White House fights back against Carper amendment to Wall Street reform bill
The White House said Thursday it would fight efforts under
the Wall Street bill to limit states from pursuing tougher consumer regulations
than the federal government.
Diana Farrell, deputy director of the National Economic
Council, said the administration opposes amendments – including one backed by
Sen. Tom Carper (D-Del.) – that would restrict state attorneys general.
“We intend to fight those and oppose those,” Farrell said on
a conference call with the Iowa and Connecticut attorneys general.
{mosads}“We just don’t think those are welcome additions to the
bill,” Farrell said, referring to legislation shepherded by Senate Banking
Committee Chairman Chris Dodd (D-Conn.). “We have a very strong hope that the
senators will make the right choice.”
Carper is the main sponsor of an amendment that is backed by
10 other centrist Democrats and Republicans. The question of how much power the
federal government should have to preempt state officials is at the heart of
efforts to set up a new consumer financial protection regulator.
The administration, most Democrats and consumer advocates
have pushed for more than a year to give greater power to the states to pursue
tougher standards than the new federal consumer regulator. They argue that in
recent years, particularly since 2004, the federal government has too often
overridden state law.
Republicans have resisted those efforts and have favored
retaining current law on preemption.
The financial industry argues in favor of keeping current
law and says greater powers for state attorneys general would hurt consumers by
forcing banks to comply with myriad state rules.

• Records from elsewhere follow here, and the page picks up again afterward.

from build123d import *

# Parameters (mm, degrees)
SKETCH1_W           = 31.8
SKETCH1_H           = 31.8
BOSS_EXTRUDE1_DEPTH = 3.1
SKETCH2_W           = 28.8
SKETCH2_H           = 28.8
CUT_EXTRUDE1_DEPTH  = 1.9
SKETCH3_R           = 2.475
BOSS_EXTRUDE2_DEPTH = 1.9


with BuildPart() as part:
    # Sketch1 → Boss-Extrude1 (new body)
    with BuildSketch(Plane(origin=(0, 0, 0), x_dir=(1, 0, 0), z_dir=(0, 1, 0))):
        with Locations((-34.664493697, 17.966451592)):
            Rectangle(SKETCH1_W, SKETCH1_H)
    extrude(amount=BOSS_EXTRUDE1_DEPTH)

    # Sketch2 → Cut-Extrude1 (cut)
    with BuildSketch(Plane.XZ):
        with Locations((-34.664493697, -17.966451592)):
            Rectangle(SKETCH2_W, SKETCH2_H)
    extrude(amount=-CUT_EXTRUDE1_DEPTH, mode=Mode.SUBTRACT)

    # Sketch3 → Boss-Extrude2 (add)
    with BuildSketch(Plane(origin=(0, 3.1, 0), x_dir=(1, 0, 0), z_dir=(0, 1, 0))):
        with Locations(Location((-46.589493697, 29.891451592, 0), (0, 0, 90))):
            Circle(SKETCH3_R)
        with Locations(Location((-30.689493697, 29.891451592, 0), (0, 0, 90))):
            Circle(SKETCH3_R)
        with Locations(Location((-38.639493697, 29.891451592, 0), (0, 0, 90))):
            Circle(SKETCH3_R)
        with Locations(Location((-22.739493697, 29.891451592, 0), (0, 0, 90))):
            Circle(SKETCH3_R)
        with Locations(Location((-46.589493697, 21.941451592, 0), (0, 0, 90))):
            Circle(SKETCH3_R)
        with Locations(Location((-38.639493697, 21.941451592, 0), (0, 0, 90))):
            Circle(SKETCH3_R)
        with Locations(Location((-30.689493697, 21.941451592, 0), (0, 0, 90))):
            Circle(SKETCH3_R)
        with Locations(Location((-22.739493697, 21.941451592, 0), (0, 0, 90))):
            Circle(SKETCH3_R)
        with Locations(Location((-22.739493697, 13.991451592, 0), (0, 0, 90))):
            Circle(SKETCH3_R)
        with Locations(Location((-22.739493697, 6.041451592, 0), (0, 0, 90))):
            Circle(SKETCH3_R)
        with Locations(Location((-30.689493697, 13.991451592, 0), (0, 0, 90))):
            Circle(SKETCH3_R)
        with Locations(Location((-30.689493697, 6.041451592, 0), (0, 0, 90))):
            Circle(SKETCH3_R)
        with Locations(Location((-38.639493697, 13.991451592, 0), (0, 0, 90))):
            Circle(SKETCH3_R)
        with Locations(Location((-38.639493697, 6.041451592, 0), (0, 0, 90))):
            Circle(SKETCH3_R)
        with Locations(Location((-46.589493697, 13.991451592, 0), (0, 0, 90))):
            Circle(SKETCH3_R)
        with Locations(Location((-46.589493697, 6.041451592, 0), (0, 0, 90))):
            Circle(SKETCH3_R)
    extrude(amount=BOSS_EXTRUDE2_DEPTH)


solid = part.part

“We’re not asking for any reduction in power granted to
state attorneys general,” said Richard Hunt, president of the Consumer Bankers
Association.
Hunt said the White House’s push “tells me that the
administration has so little confidence in their new consumer agency.”
“They are requesting additional enforcement authority from
the states,” he said.
The Carper amendment would seek to limit state regulators
from enforcing consumer regulations on national banks and their subsidiaries.
Carper’s amendment would also remove a requirement in the pending Senate
legislation that would require the Office of the Comptroller of the Currency to
find in federal law a “substantive standard” on the type of regulation before
the office moves to preempt.
“Carper’s amendment is designed like Darth Vader’s Deathstar, to destroy consumer protection,” said Ed Mierzwinski, of U.S. Public Interest Research Group.
Carper is joined by a bipartisan group of senators,
including Sens. Lamar Alexander (R-Tenn.), Evan Bayh (D-Ind.), Saxby Chambliss
(R-Ga.), Bob Corker (R-Tenn.), John Ensign (R-Nev.), Michael Enzi (R-Wyo.),
Johnny Isakson (R-Ga.), Tim Johnson (D-S.D.), John Thune (R-S.D.), George
Voinovich (R-Ohio) and Mark Warner (D-Va.).